Что же касается моей истории о Петерсоне, то вскоре после ее опубликования в Audubon моя жена обнаружила на домашнем автоответчике следующий вопрос: «Простите, вы тот самый Уильям Зинсер, который пишет о природе?» Это показалось ей забавным, да так оно и было. Но сообщество любителей птиц и вправду увидело в моей статье исчерпывающий портрет Петерсона. Я упоминаю об этом, чтобы добавить уверенности всем авторам нон-фикшн. Вот он, секрет ремесла: если вы хорошо освоили инструментарий нашей профессии, умеете брать интервью и аккуратно выстраивать материал и если при этом вы работаете с полной интеллектуальной и душевной отдачей, то вам подвластна любая тема. Это ваш билет в интересную жизнь.
И все же, когда беседуешь с истинным знатоком своего дела, трудно перед ним не робеть. Волей-неволей думаешь: «Этот человек столько знает в своей области, что я не смогу правильно взять у него интервью. Он решит, что я глуп». Однако ваш собеседник столько знает в своей области, потому что это его область, тогда как ваша задача — сделать его работу доступной широкой публике. Для этого необходимо заставить его прояснить высказывания, которые кажутся ему настолько очевидными, что он думает, будто они очевидны и для всех остальных. Когда вам что-то непонятно, задавайте вопросы, опираясь на свой здравый смысл, и не бойтесь, что они прозвучат глупо. Если специалист решит, что вы не очень умны, это его трудности.
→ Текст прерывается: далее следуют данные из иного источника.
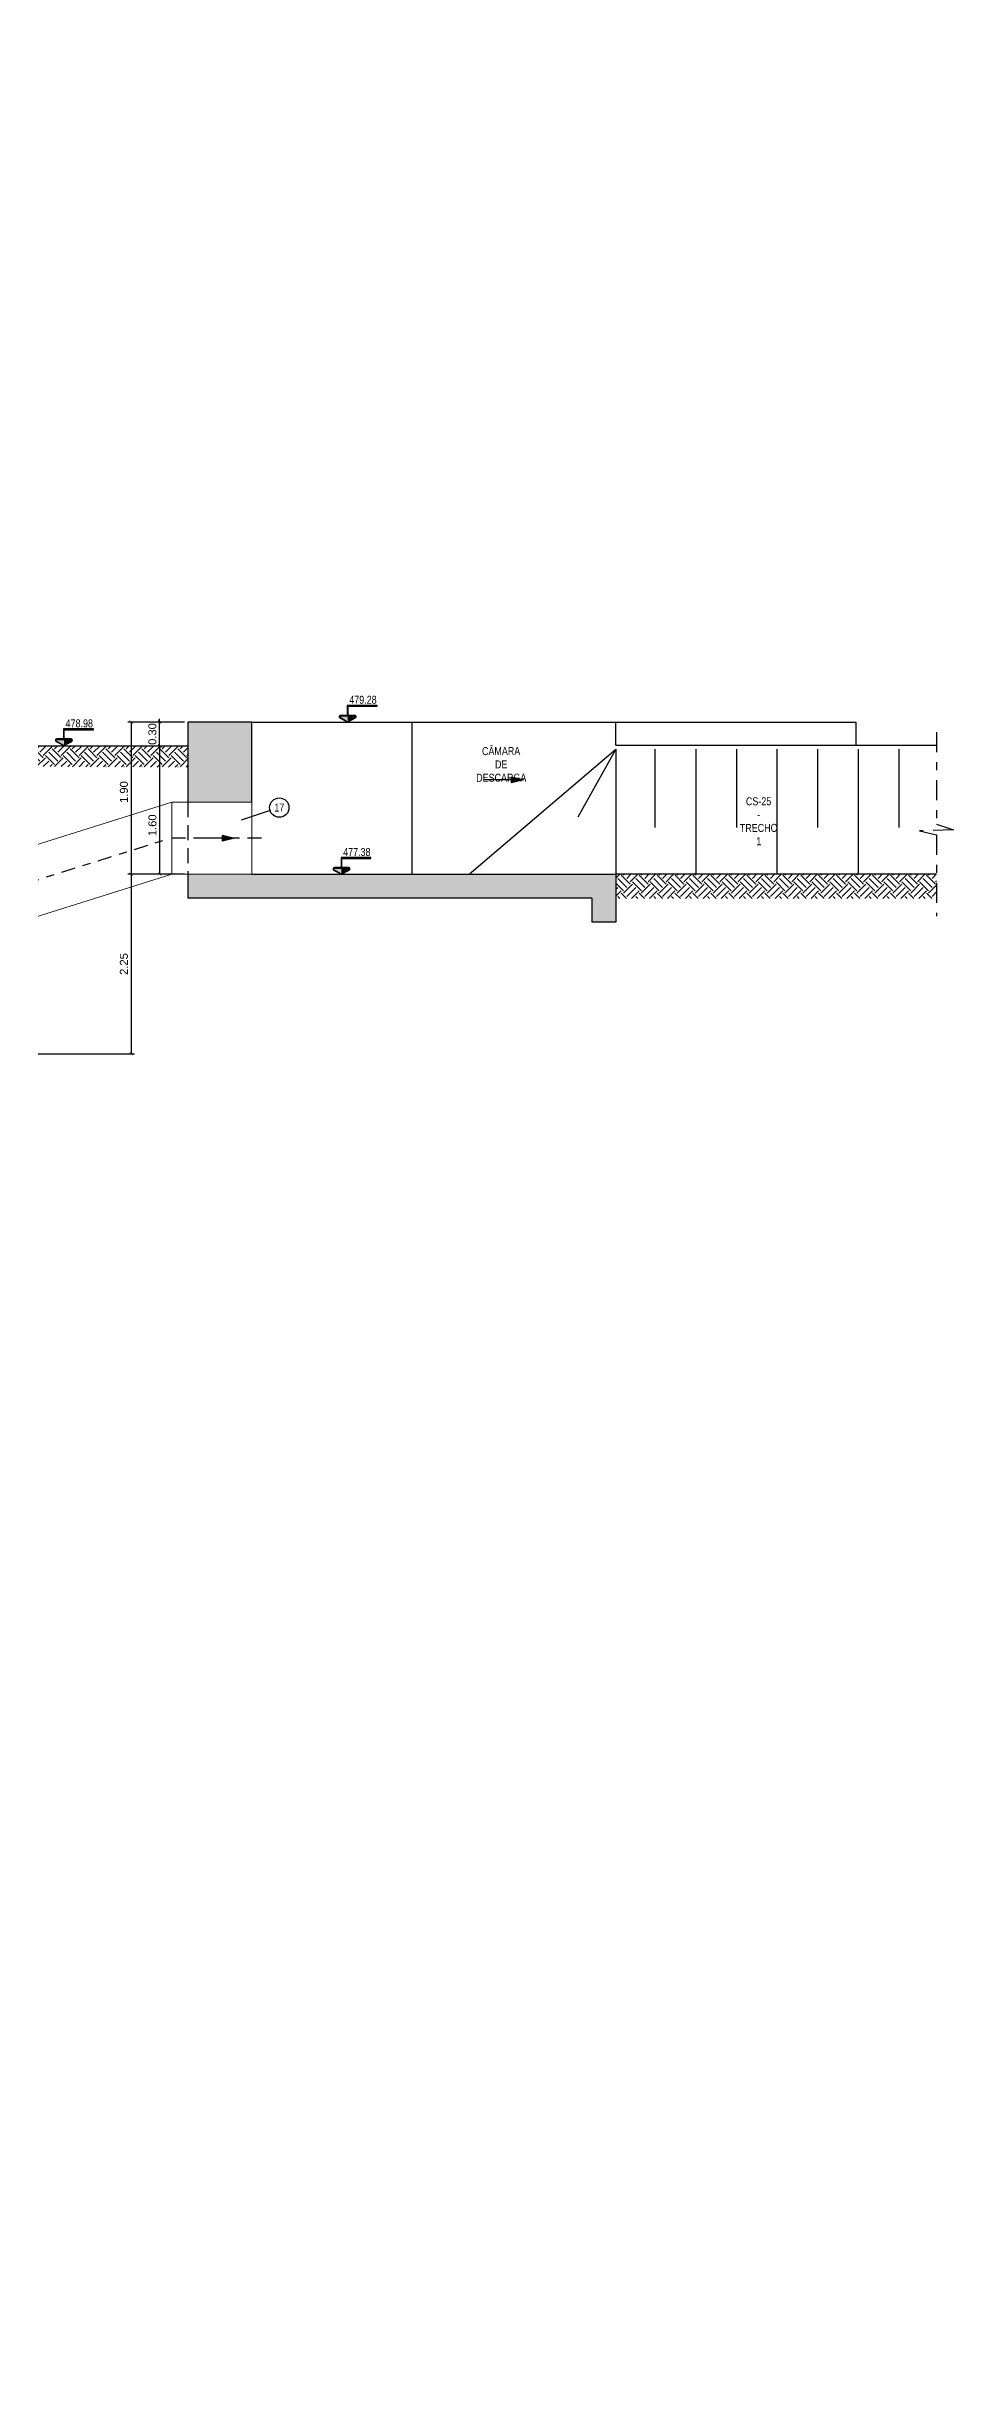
# Model space of a CAD drawing. Header units: feet. Extents: x 0 to 285374, y 0 to 9111566.
# Drawn here: x 285115.55 to 285126.89, y 9111332.77 to 9111361.8 of the extents above; entities that cross this region are included whole.
import ezdxf
from ezdxf import colors
from ezdxf.entities.mleader import LeaderData, LeaderLine
from ezdxf.enums import TextEntityAlignment as Align
from ezdxf.math import Vec2, Vec3

# ---------------------------------------------------------------- set-up
doc = ezdxf.new("R2010")
doc.units = ezdxf.units.FT
doc.header["$MEASUREMENT"] = 0
doc.linetypes.add('DASHDOT', pattern=[1, 0.5, -0.25, 0, -0.25])
doc.linetypes.add('HIDDEN', pattern=[0.375, 0.25, -0.125])
doc.layers.get('0').update_dxf_attribs({"linetype": 'CONTINUOUS'})
doc.layers.get('DEFPOINTS').update_dxf_attribs({"linetype": 'CONTINUOUS'})
for name, color, linetype in [('01', 1, 'CONTINUOUS'), ('02', 7, 'CONTINUOUS'), ('04', 4, 'CONTINUOUS'), ('06', 6, 'CONTINUOUS'), ('A-NIVEIS', 1, 'CONTINUOUS'), ('A-TEXTO', 2, 'CONTINUOUS'), ('ARQ_SENTIDO', 1, 'CONTINUOUS'), ('EIXO', 1, 'DASHDOT'), ('H-SA-CONTORNO', 2, 'CONTINUOUS'), ('H-SA-DIM', 1, 'CONTINUOUS'), ('H-SA-EIXOS', 1, 'DASHDOT'), ('H-SA-HTC CONCRETO', 253, 'CONTINUOUS'), ('H-SA-TEXTO', 2, 'CONTINUOUS'), ('INDIC', 2, 'CONTINUOUS')]:
    doc.layers.add(name, color=color, linetype=linetype)
doc.layers.add('P-PIPE', color=3, linetype='CONTINUOUS', lineweight=18)
doc.styles.add('EGC_Arial_2.0mm', font='arial.ttf', dxfattribs={"width": 0.8, "height": 2})
doc.styles.get("Standard").update_dxf_attribs({"font": 'arial.ttf'})
doc.dimstyles.new('Copy of EGC_2.0mm', dxfattribs={"dimtxt": 0.1, "dimasz": 0.04, "dimexe": 0.04, "dimexo": 0.04, "dimgap": 0.04, "dimtad": 1, "dimzin": 1, "dimdsep": 46, "dimtxsty": 'Standard', "dimblk": 'ARCHTICK', "dimcen": 0, "dimclrd": 1, "dimclre": 1, "dimclrt": 2, "dimazin": 0, "dimtfac": 1, "dimtix": 1, "dimtmove": 1, "dimatfit": 3, "dimldrblk": 'NONE', "dimfxl": 0.002, "dimtolj": 1, "dimtzin": 0, "dimlwd": -1, "dimarcsym": 0})

# ---------------------------------------------------------------- blocks, each defined once
blk = doc.blocks.new('_ArchTick')
at = {"color": 0, "linetype": 'ByBlock', "const_width": 0.15}
blk.add_lwpolyline([(-0.5, -0.5), (0.5, 0.5)], dxfattribs=at)
blk = doc.blocks.new('*D1215')
at = {"layer": 'DEFPOINTS', "color": 0, "transparency": 16777216}
for p in [(285117.316, 9111351.455, -1.103), (285110.668, 9111349.212), (285116.609, 9111349.212)]:
    blk.add_point(p, dxfattribs=at)
at = {"layer": 'H-SA-DIM', "color": 1, "lineweight": -2, "transparency": 16777216}
for p, q in [((285117.276, 9111351.455), (285116.569, 9111351.455)), ((285110.708, 9111349.212), (285116.649, 9111349.212))]:
    blk.add_line(p, q, dxfattribs=at)
at = {"layer": 'H-SA-DIM', "color": 1, "transparency": 16777216}
blk.add_line((285116.609, 9111351.455), (285116.609, 9111349.212), dxfattribs=at)
at = {"layer": 'H-SA-DIM', "color": 1, "transparency": 16777216, "xscale": 0.04, "yscale": 0.04, "zscale": 0.04}
for p, rotation in [((285116.609, 9111351.455), 90), ((285116.609, 9111349.212), 270)]:
    blk.add_blockref('_ArchTick', p, dxfattribs=dict(at, rotation=rotation))
at = {"layer": 'H-SA-DIM', "color": 2, "transparency": 16777216, "insert": (285116.518, 9111350.334), "char_height": 0.1, "attachment_point": 5, "rotation": 90}
blk.add_mtext('\\A1;2.25', dxfattribs=at)
blk = doc.blocks.new('_None')
blk = doc.blocks.new('*U1202')
at = {"true_color": 0xffffff}
h = blk.add_hatch(color=7, dxfattribs=at)
h.dxf.hatch_style = 1
edge = h.paths.add_edge_path()
edge.add_line((-0.1, 1.66), (-1.77, 1.66))
edge.add_arc((-1.77, 1.31), 0.35, 90, 240)
edge.add_line((-1.95, 1.01), (0, 0))
edge.add_line((0, 0), (1.95, 1.01))
edge.add_arc((1.77, 1.31), 0.35, 300, 450)
edge.add_line((1.77, 1.66), (0.1, 1.66))
edge.add_line((0.1, 1.66), (0.1, 3.96))
edge.add_line((0.1, 3.96), (7.36, 3.96))
edge.add_line((7.36, 3.96), (7.36, 4.16))
edge.add_line((7.36, 4.16), (-0.1, 4.16))
edge.add_line((-0.1, 4.16), (-0.1, 1.66))
at = {"color": 7, "true_color": 0xffffff}
blk.add_lwpolyline([(-0.1, 1.66), (-1.77, 1.66, 0.767327), (-1.95, 1.01), (0, 0), (1.95, 1.01, 0.767327), (1.77, 1.66), (0.1, 1.66), (0.1, 3.96), (7.36, 3.96), (7.36, 4.16), (-0.1, 4.16)], format="xyb", close=True, dxfattribs=at)
blk.add_lwpolyline([(0, 0), (-1.9, 1.1, -0.767327), (-1.77, 1.56), (1.77, 1.56, -0.767327), (1.9, 1.1)], format="xyb", close=True)
blk.add_lwpolyline([(0, 1.56), (0, 4.06), (7.36, 4.06)])
for points in [[(0, 1.56), (0, 0), (0.93, 1.56), (1.06, 0.61)], [(0.93, 1.56), (1.06, 0.61), (1.86, 1.55), (1.9, 1.1)], [(1.86, 1.55), (1.9, 1.1), (1.99, 1.44), (2, 1.2)]]:
    blk.add_solid(points)
at = {"layer": 'A-TEXTO', "style": 'EGC_Arial_2.0mm', "width": 0.8}
blk.add_attdef('COTA', text='', height=2, dxfattribs=at).set_placement((7.26, 4.56), align=Align.RIGHT)
blk = doc.blocks.new('EGC-SETA SENTIDO DA TUBULAÇÃO')
h = blk.add_hatch(color=256)
h.dxf.hatch_style = 1
h.paths.add_polyline_path([(-3, 0.75), (0, 0), (-3, -0.75)])
blk.add_line((0, 0), (-9.84, 0))
blk.add_lwpolyline([(-3, 0.75), (0, 0), (-3, -0.75), (-3, 0.75)])
blk = doc.blocks.new('*D1273')
at = {"layer": 'DEFPOINTS', "color": 0, "transparency": 16777216}
for p in [(285116.966, 9111353.058), (285117.317, 9111353.058), (285117.317, 9111351.455)]:
    blk.add_point(p, dxfattribs=at)
at = {"layer": 'H-SA-DIM', "color": 1, "lineweight": -2, "transparency": 16777216}
for p, q in [((285117.277, 9111353.058), (285116.926, 9111353.058)), ((285117.277, 9111351.455), (285116.926, 9111351.455))]:
    blk.add_line(p, q, dxfattribs=at)
at = {"layer": 'H-SA-DIM', "color": 1, "transparency": 16777216}
blk.add_line((285116.966, 9111351.455), (285116.966, 9111353.058), dxfattribs=at)
at = {"layer": 'H-SA-DIM', "color": 1, "transparency": 16777216, "xscale": 0.04, "yscale": 0.04, "zscale": 0.04}
for p, rotation in [((285116.966, 9111353.058), 90), ((285116.966, 9111351.455), 270)]:
    blk.add_blockref('_ArchTick', p, dxfattribs=dict(at, rotation=rotation))
at = {"layer": 'H-SA-DIM', "color": 2, "transparency": 16777216, "insert": (285116.875, 9111352.068), "char_height": 0.1, "attachment_point": 5, "rotation": 90}
blk.add_mtext('\\A1;1.60', dxfattribs=at)
blk = doc.blocks.new('*D1274')
at = {"layer": 'DEFPOINTS', "color": 0, "transparency": 16777216}
for p in [(285116.965, 9111353.359), (285117.317, 9111353.359), (285117.317, 9111353.058)]:
    blk.add_point(p, dxfattribs=at)
at = {"layer": 'H-SA-DIM', "color": 1, "lineweight": -2, "transparency": 16777216}
for p, q in [((285117.277, 9111353.359), (285116.925, 9111353.359)), ((285117.277, 9111353.058), (285116.925, 9111353.058))]:
    blk.add_line(p, q, dxfattribs=at)
at = {"layer": 'H-SA-DIM', "color": 1, "transparency": 16777216}
for p, q in [((285116.965, 9111353.359), (285116.965, 9111353.399)), ((285116.965, 9111353.058), (285116.965, 9111353.359)), ((285116.965, 9111353.058), (285116.965, 9111353.018))]:
    blk.add_line(p, q, dxfattribs=at)
at = {"layer": 'H-SA-DIM', "color": 1, "transparency": 16777216, "xscale": 0.04, "yscale": 0.04, "zscale": 0.04}
for p, rotation in [((285116.965, 9111353.359), 270), ((285116.965, 9111353.058), 90)]:
    blk.add_blockref('_ArchTick', p, dxfattribs=dict(at, rotation=rotation))
at = {"layer": 'H-SA-DIM', "color": 2, "transparency": 16777216, "insert": (285116.874, 9111353.209), "char_height": 0.1, "attachment_point": 5, "rotation": 90}
blk.add_mtext('\\A1;0.30', dxfattribs=at)
blk = doc.blocks.new('*D1275')
at = {"layer": 'DEFPOINTS', "color": 0, "transparency": 16777216}
for p in [(285117.317, 9111353.359), (285116.609, 9111351.455), (285117.317, 9111351.455)]:
    blk.add_point(p, dxfattribs=at)
at = {"layer": 'H-SA-DIM', "color": 1, "lineweight": -2, "transparency": 16777216}
for p, q in [((285117.277, 9111353.359), (285116.569, 9111353.359)), ((285117.277, 9111351.455), (285116.569, 9111351.455))]:
    blk.add_line(p, q, dxfattribs=at)
at = {"layer": 'H-SA-DIM', "color": 1, "transparency": 16777216}
blk.add_line((285116.609, 9111353.359), (285116.609, 9111351.455), dxfattribs=at)
at = {"layer": 'H-SA-DIM', "color": 1, "transparency": 16777216, "xscale": 0.04, "yscale": 0.04, "zscale": 0.04}
for p, rotation in [((285116.609, 9111353.359), 90), ((285116.609, 9111351.455), 270)]:
    blk.add_blockref('_ArchTick', p, dxfattribs=dict(at, rotation=rotation))
at = {"layer": 'H-SA-DIM', "color": 2, "transparency": 16777216, "insert": (285116.518, 9111352.483), "char_height": 0.1, "attachment_point": 5, "rotation": 90}
blk.add_mtext('\\A1;1.90', dxfattribs=at)

msp = doc.modelspace()

# ---------------------------------------------------------------- hatches: boundary and pattern name
h = msp.add_hatch()
h.set_pattern_fill('EARTH', color=251, scale=0.025, angle=45, style=0)
h.set_pattern_definition([(45, (285162.20506, 9111332.06059), (2e-17, 0.2245064), [0.15875, -0.15875]), (45, (285162.16296, 9111332.10269), (2e-17, 0.2245064), [0.15875, -0.15875]), (45, (285162.12087, 9111332.14478), (2e-17, 0.2245064), [0.15875, -0.15875]), (135, (285162.12087, 9111332.17284), (-0.2245064, 2e-17), [0.15875, -0.15875]), (135, (285162.16296, 9111332.21494), (-0.2245064, 2e-17), [0.15875, -0.15875]), (135, (285162.20506, 9111332.25703), (-0.2245064, 2e-17), [0.15875, -0.15875])])
h.paths.add_polyline_path([(285110.968, 9111351.762), (285110.968, 9111351.459), (285112.668, 9111351.459), (285115.273, 9111352.803), (285117.318, 9111352.794), (285117.315, 9111353.058), (285115.198, 9111353.058), (285112.598, 9111351.762)])

# ---------------------------------------------------------------- linework, layer by layer
at = {"layer": '01'}
msp.add_line((285126.208, 9111353.02, 477.095), (285126.208, 9111352.04, 477.095), dxfattribs=at)
at = {"layer": '06'}
msp.add_line((285117.317, 9111353.058), (285115.198, 9111353.058), dxfattribs=at)
at = {"layer": 'EIXO', "ltscale": 0.35}
msp.add_line((285118.239, 9111351.905, 477.095), (285117.091, 9111351.905, 477.095), dxfattribs=at)
at = {"layer": 'H-SA-EIXOS', "ltscale": 0.5}
for p, q in [((285126.677, 9111353.23, 477.095), (285126.677, 9111352.082, 477.095)), ((285126.887, 9111352.012, 477.095), (285126.464, 9111351.998, 477.095)), ((285126.467, 9111351.998, 477.095), (285126.677, 9111351.947, 477.095)), ((285126.677, 9111352.082, 477.095), (285126.891, 9111352.012, 477.095)), ((285126.677, 9111351.947, 477.095), (285126.677, 9111350.932, 477.095))]:
    msp.add_line(p, q, dxfattribs=at)

# ---------------------------------------------------------------- block references
at = {"layer": 'A-NIVEIS', "xscale": 0.05, "yscale": 0.05, "zscale": 0.05}
msp.add_blockref('*U1202', (285115.768, 9111353.064, 477.095), dxfattribs=at).add_auto_attribs({'COTA': '478.98'})

# ---------------------------------------------------------------- dimensions: what is measured, and where the dimension line sits
at = {"layer": 'H-SA-DIM'}
dim = msp.add_linear_dim(base=(285116.609, 9111349.212, 478.198), p1=(285117.316, 9111351.455, 477.095), p2=(285110.668, 9111349.212, 478.198), angle=90, text='2.25', dimstyle='Copy of EGC_2.0mm', dxfattribs=at)
dim.commit()
dim.dimension.update_dxf_attribs({"geometry": '*D1215', "text_midpoint": (285116.518, 9111350.334, 478.198)})

# ---------------------------------------------------------------- next in the draw order: leaders
at = {"layer": 'H-SA-TEXTO'}
ml = msp.add_multileader_mtext('Standard', dxfattribs=at)
ml.set_content('CS-25 - TRECHO 1', color=2, style='EGC_Arial_2.0mm')
ml.set_leader_properties(color=1, linetype='ByLayer', lineweight=-1)
ml.set_arrow_properties(name='NONE')
ml.build(insert=Vec2(0, 0))
ml.multileader.update_dxf_attribs({"text_left_attachment_type": 2, "text_right_attachment_type": 2, "dogleg_length": 1.982, "arrow_head_size": 0.075, "scale": 0.05})
ctx = ml.context
ctx.base_point, ctx.scale, ctx.char_height, ctx.arrow_head_size, ctx.landing_gap_size, ctx.plane_origin, ctx.plane_x_axis, ctx.plane_y_axis = Vec3(285124.816, 9111388.014), 0.05, 0.1, 0.075, 0.05, Vec3(284750.549, 9111449.763), Vec3(0.999987, -0.005007), Vec3(0.005007, 0.999987)
ctx.left_attachment, ctx.right_attachment, ctx.text_align_type = 2, 2, 1
notes = []
notes.append((ctx, [(0, (0, 0, 0), (0, 0), (1, 0), 1, [])]))
ctx.mtext.insert, ctx.mtext.text_direction, ctx.mtext.rotation, ctx.mtext.width, ctx.mtext.defined_height, ctx.mtext.alignment, ctx.mtext.flow_direction = Vec3(285125.344, 9111388.063), Vec3(0.999987, -0.005007), 6.278178, 1.45791, 1.047, 2, 5
ctx.mtext.has_bg_fill, ctx.mtext.bg_color, ctx.mtext.bg_scale_factor, ctx.mtext.bg_transparency, ctx.mtext.use_window_bg_color = 1, -1073741824, 1, 0, 1
for ctx, leaders in notes:
    for number, flags, end, landing, length, lines in leaders:
        leader = LeaderData()
        leader.index, (leader.has_last_leader_line, leader.has_dogleg_vector, leader.attachment_direction) = number, flags
        leader.last_leader_point, leader.dogleg_vector, leader.dogleg_length = Vec3(end), Vec3(landing), length
        for number, points, colour, breaks in lines:
            line = LeaderLine()
            line.index, line.vertices, line.color, line.breaks = number, Vec3.list(points), colors.encode_raw_color(colour), breaks
            leader.lines.append(line)
        ctx.leaders.append(leader)

# ---------------------------------------------------------------- next in the draw order: hatches: boundary and pattern name
h = msp.add_hatch()
h.set_pattern_fill('EARTH', color=251, scale=0.025, angle=45, style=0)
h.set_pattern_definition([(45, (285203.44453, 9111337.44189), (2e-17, 0.2245064), [0.15875, -0.15875]), (45, (285203.40244, 9111337.48399), (2e-17, 0.2245064), [0.15875, -0.15875]), (45, (285203.36034, 9111337.52608), (2e-17, 0.2245064), [0.15875, -0.15875]), (135, (285203.36034, 9111337.55414), (-0.2245064, 2e-17), [0.15875, -0.15875]), (135, (285203.40244, 9111337.59624), (-0.2245064, 2e-17), [0.15875, -0.15875]), (135, (285203.44453, 9111337.63833), (-0.2245064, 2e-17), [0.15875, -0.15875])])
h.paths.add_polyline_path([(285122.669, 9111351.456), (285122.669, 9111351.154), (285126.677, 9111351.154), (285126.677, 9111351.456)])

Ради проверки спрашивайте себя, достаточен ли первый ответ специалиста? Как правило, нет. Я убедился в этом, когда согласился предпринять вторую вылазку на территорию Петерсона. Мне позвонили из издательства Rizzoli, выпускающего книги по искусству, и сказали, что готовят к выходу альбом «Живопись и фотографии Роджера Тори Петерсона» с сотнями цветных иллюстраций. Им нужен был вступительный текст на восемь тысяч слов, и меня как новоиспеченного эксперта по Петерсону попросили его сочинить. Вот вам и забавно.
Я сказал звонившему, что взял за правило никогда не писать одну и ту же историю дважды. Я написал статью для Audubon со всем возможным тщанием и уже не смогу ее переработать. Однако если он хочет купить и переиздать ее в своей книге — пожалуйста. Он согласился на это с условием, что я напишу дополнительные четыре тысячи слов, в основном о петерсоновской художественной манере, и добавлю их в свой журнальный очерк.
Замысел показался мне интересным, и я отправился к Петерсону с новым списком вопросов, на сей раз более технических, нежели те, что я задавал ему при первой встрече. Тогда публика хотела узнать о его жизни. Теперь же я писал для читателей, которые хотели разобраться в том, как этот художник создает свои шедевры, и разговор у нас сразу пошел о технике и методах. Мы начали с живописи.
«Я называю свою технику смешанной, — сказал мне Петерсон, — потому что главная моя цель — передать полезную информацию. Иногда я начинаю с прозрачной акварели, потом перехожу на гуашь, потом кладу защитный слой акриловых красок, потом добавляю сверху еще акрила, или мазок-другой пастели, или цветного карандаша, или обычного грифеля, или чернил — чего угодно, лишь бы получить то, что мне нужно».
Уже по прошлой нашей беседе я понял, что первого ответа Петерсона редко бывает достаточно. Сын шведских иммигрантов, он был сдержан и не слишком разговорчив. Я спросил, как его теперешние методы отличаются от прежних.
«Сейчас у меня, можно сказать, ноги разъезжаются, — ответил он. — Я стараюсь добавлять больше деталей, не теряя при этом впечатления простоты». И снова замолчал.
Но почему в таком почтенном возрасте он вдруг решил, что в его картинах не хватает деталей?
«За много лет люди привыкли к строгим контурам моих птиц и теперь хотят чего-то большего — тщательной проработки перьев или объемности изображения», — пояснил он.
Покончив с живописью, мы переключились на фотографию. Петерсон вспомнил все фотоаппараты для съемки птиц, какие у него только были, начиная с Primo 9 (эту громоздкую штуковину с мехами и стеклянными фотопластинками ему подарили в тринадцать лет) и кончая самыми современными камерами с автофокусом и заполняющей вспышкой. Я не увлекаюсь фотографией и никогда не слышал об автофокусе и заполняющей вспышке, но стоило мне признаться в своем невежестве, как Петерсон тут же растолковал мне, зачем они нужны. Автофокус: «Вам надо только поймать птицу в видоискатель, а все остальное сделает камера». Заполняющая вспышка: «Пленка всегда видит меньше, чем вы. Человеческий глаз различает детали в тени, а заполняющая вспышка позволяет и камере поймать эти детали».